We brought my son into the hospital, only to come home with a new way of life. In some ways it is hard to believe that it has been one month. In other ways it feels like years!
People keep encouraging us that it will get easier and in some ways it has. Things are becoming more routine and we pretty much have just figured out that you can never really figure out Diabetes. One day his body will react this way, the next day it will react another way. All we can do is go with the flow and deal with the moment. Isn't that how we're supposed to live anyhow? In the moment?
In the day to day managing of his diabetes, I don't get very emotional. We just go through the calculations and the processes just like we're supposed to. Every once in awhile, however, it hits me. Like the other day when I was at the pharmacy with all of the other chronic prescription picker-uppers. The lady in front of me was chatting away about her medications with the pharmacist and they were on a first name basis. I figure that will be me someday very soon.

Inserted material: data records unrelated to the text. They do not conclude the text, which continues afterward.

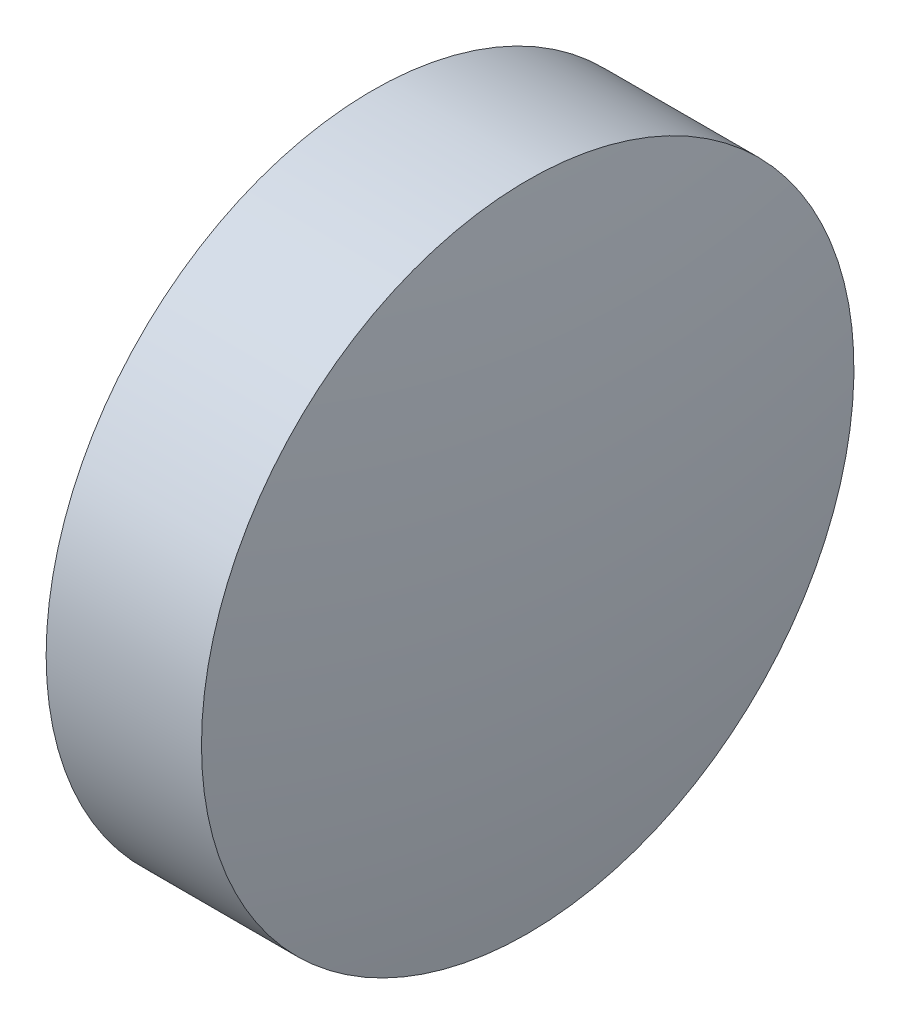
from build123d import *


with BuildPart() as part:
    # 草图2 → 旋转2 (revolve)
    with BuildSketch(Plane.XY, mode=Mode.PRIVATE) as revolve_2_sk:
        with BuildLine():
            Line((444.284406446, 32.74152775), (444.284406446, 35.89152775))
            Line((444.284406446, 35.89152775), (445.784406446, 35.89152775))
            ThreePointArc((445.784406446, 35.89152775), (445.986782919, 34.322302876), (446.054406446, 32.74152775))
            Line((446.054406446, 32.74152775), (444.284406446, 32.74152775))
        make_face()
    revolve(revolve_2_sk.sketch.rotate(Axis((443.423768357, 32.74152775, 0), (1, 0, 0)), 180), axis=Axis((443.423768357, 32.74152775, 0), (1, 0, 0)))  # turned: the seam where the file's is


solid = part.part

And when they ask you, as you are about to pay for the prescription, "Did they tell you how much this is going to cost?" I don't know why, but it gets me every time.
Or last night, at 12:30 when we were sitting in my bed waiting for our 15 minutes to pass after drinking his juice so that I could see if his blood glucose levels came up sufficiently, and he nodded off to sleep next to me. That's when it hits me what he's going through and what he has to look forward to for the rest of his life.
But then we both get up the next morning and face the day with a good attitude, and for that I'm grateful.
Another thing that I'm very grateful for is that I have, in a way, been prepared for this over the past 10 years. When we were in the hospital and the nurses told us about how he would have to eat on a regular schedule, how we would have to count carbs and eat healthy I was so grateful that we had already been doing those things.
We've eaten on a schedule ever since I can remember. Breakfast around 7:00, snack at 10, lunch at Noon, snack at 3 and dinner between 5 and 6. Perfect. We've cleaned up our eating considerably during those years and all of our kids know what carbs, fats (healthy vs unhealthy) and proteins are. If I had had to tackle all of that on top of everything else (like injections and monitoring and worrying about those lows) my brain would have exploded. I can see the beauty of being organized even more clearly now because it has made this chaos much more manageable. God is Good! All the time!
So we move forward into our second month of a lifetime. One step at a time as we cling tightly to Jesus' hand and walk this walk with Our Lady of Sorrows who knows exactly how we all feel and is with us every step of the way.